##### INPUT DATA

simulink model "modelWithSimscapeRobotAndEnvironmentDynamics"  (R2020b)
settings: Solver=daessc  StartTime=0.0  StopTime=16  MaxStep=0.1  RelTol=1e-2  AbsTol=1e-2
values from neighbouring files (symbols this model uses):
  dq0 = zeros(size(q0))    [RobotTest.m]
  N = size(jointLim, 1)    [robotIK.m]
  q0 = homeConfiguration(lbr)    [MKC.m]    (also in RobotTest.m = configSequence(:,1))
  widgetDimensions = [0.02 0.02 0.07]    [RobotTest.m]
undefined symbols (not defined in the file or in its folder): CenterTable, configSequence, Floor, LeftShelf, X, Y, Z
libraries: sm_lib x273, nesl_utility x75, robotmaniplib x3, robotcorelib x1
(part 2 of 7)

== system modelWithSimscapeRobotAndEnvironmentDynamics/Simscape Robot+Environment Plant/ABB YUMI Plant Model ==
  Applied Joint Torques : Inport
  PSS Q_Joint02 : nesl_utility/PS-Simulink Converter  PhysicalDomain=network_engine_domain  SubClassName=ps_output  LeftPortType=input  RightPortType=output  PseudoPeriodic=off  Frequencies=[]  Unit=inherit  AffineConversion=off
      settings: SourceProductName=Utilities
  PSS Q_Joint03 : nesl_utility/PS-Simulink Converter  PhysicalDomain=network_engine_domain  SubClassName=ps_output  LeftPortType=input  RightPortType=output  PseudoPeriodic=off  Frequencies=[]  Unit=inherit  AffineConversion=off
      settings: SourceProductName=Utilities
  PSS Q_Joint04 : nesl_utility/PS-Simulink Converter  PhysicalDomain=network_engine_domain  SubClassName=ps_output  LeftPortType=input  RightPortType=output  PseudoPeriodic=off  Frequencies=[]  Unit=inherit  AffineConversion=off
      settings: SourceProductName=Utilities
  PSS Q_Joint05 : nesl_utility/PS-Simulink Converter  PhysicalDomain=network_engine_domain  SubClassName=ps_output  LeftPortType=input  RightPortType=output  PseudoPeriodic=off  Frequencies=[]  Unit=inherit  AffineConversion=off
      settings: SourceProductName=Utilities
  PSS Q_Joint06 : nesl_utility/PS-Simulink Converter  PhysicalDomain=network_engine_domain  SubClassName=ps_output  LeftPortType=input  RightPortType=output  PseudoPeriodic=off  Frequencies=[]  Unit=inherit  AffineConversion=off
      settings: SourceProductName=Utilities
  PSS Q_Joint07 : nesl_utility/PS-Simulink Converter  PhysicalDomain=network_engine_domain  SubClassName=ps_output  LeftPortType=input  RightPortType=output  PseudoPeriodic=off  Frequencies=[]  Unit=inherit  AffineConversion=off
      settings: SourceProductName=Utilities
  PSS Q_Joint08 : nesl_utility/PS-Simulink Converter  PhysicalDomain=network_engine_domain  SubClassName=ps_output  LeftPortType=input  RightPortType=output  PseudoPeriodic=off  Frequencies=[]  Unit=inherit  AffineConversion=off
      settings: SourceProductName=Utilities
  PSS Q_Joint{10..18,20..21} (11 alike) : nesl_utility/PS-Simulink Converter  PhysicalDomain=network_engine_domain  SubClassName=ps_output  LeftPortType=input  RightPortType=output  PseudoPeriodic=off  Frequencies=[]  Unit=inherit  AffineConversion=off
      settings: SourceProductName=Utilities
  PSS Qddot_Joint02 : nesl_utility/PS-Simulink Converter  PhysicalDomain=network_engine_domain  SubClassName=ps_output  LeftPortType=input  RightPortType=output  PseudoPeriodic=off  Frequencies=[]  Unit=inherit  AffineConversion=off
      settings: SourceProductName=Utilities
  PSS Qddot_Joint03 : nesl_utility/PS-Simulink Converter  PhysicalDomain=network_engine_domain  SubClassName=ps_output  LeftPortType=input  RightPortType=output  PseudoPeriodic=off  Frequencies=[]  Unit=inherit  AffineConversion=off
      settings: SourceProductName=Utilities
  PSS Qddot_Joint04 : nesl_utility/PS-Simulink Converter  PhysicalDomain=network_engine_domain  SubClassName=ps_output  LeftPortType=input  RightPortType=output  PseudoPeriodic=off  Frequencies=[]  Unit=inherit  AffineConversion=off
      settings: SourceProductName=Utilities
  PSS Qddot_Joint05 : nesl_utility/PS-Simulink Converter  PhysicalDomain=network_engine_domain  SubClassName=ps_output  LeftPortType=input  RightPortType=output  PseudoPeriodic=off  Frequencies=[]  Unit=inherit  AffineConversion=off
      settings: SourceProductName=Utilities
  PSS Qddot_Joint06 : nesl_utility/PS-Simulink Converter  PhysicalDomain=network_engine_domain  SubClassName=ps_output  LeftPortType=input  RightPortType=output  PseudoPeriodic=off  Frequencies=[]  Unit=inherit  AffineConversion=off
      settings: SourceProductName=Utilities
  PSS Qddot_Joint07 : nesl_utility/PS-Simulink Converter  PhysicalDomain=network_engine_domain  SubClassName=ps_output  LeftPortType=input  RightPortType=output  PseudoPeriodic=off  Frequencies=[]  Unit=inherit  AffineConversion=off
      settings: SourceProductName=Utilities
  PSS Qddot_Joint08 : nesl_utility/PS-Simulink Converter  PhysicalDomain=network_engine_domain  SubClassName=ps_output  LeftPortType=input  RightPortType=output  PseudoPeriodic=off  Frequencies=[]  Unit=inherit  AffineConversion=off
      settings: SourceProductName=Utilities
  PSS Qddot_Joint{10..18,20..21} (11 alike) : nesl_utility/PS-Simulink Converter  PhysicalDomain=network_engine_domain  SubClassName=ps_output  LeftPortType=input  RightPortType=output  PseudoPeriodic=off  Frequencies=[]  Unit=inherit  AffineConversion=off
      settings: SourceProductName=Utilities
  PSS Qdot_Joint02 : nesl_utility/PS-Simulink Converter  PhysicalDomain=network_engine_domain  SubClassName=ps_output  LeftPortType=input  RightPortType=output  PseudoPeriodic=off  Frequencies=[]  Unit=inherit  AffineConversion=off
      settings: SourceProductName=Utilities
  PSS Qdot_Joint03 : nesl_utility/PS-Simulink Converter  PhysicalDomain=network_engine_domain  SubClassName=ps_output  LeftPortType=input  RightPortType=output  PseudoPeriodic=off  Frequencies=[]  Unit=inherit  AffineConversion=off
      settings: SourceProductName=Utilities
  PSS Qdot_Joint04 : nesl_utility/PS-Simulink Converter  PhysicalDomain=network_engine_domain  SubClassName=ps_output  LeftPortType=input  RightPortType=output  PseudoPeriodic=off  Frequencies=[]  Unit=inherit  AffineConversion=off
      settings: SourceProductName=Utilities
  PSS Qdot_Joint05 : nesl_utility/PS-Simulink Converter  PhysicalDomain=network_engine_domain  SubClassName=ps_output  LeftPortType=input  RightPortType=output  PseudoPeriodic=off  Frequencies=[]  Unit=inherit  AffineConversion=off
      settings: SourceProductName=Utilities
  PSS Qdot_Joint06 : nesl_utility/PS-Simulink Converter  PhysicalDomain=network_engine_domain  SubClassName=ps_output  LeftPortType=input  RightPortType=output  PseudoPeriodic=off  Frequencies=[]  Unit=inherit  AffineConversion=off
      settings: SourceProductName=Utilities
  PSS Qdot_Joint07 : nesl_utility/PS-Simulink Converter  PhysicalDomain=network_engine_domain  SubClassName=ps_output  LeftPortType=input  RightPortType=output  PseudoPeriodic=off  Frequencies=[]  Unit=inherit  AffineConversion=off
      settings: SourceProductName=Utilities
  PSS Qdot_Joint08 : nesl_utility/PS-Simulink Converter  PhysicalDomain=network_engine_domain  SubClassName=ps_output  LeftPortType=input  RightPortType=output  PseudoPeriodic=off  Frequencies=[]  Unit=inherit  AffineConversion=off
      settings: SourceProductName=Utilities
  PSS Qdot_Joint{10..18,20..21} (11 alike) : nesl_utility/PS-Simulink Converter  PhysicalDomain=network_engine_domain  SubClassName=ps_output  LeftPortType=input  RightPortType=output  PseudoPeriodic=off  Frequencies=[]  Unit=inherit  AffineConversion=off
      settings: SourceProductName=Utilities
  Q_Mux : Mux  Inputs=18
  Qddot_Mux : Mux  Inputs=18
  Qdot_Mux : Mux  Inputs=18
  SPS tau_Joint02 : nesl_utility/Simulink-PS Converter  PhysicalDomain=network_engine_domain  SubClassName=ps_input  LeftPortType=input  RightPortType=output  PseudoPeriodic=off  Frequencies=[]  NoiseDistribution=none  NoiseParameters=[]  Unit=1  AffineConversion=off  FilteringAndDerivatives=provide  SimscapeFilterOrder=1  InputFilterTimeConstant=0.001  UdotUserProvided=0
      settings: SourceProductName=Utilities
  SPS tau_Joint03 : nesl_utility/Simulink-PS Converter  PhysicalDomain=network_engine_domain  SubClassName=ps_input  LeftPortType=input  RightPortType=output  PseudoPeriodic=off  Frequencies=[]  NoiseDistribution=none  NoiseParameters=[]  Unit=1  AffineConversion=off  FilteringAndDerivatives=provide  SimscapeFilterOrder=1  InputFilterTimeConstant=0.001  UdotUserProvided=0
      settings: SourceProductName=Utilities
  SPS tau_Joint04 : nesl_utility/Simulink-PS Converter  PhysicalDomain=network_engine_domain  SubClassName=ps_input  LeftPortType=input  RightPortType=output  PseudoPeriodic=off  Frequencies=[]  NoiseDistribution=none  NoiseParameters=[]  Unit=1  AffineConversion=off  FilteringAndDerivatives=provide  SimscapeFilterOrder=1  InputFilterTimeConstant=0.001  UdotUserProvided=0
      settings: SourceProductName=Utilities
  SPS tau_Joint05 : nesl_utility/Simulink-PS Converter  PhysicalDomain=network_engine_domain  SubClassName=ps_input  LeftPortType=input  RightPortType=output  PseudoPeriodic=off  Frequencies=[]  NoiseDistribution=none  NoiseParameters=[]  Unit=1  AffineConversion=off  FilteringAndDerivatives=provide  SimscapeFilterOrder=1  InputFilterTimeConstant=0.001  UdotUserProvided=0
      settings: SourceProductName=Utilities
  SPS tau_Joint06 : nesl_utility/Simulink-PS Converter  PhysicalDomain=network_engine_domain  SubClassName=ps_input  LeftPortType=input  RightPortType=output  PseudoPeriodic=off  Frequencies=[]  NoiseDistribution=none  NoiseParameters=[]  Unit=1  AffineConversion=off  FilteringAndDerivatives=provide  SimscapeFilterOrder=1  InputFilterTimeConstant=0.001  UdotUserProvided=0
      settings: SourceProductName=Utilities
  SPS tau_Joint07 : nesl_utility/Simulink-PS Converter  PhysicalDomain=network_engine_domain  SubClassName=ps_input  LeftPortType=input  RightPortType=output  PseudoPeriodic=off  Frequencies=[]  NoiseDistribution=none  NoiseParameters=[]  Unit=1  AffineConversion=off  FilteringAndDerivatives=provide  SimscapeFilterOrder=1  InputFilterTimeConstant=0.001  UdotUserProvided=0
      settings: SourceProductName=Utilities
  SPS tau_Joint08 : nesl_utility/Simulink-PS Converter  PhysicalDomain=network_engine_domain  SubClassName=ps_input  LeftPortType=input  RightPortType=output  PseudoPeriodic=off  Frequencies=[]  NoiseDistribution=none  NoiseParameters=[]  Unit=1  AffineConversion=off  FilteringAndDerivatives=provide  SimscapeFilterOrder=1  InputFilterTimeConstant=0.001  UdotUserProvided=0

##########

■ WORK TO BE COMPLETED
Would you please return every line in the listing where "RobotTest" shows up?

■ SOLUTION FOR THIS PROBLEM
  dq0 = zeros(size(q0))    [RobotTest.m]
  q0 = homeConfiguration(lbr)    [MKC.m]    (also in RobotTest.m = configSequence(:,1))
  widgetDimensions = [0.02 0.02 0.07]    [RobotTest.m]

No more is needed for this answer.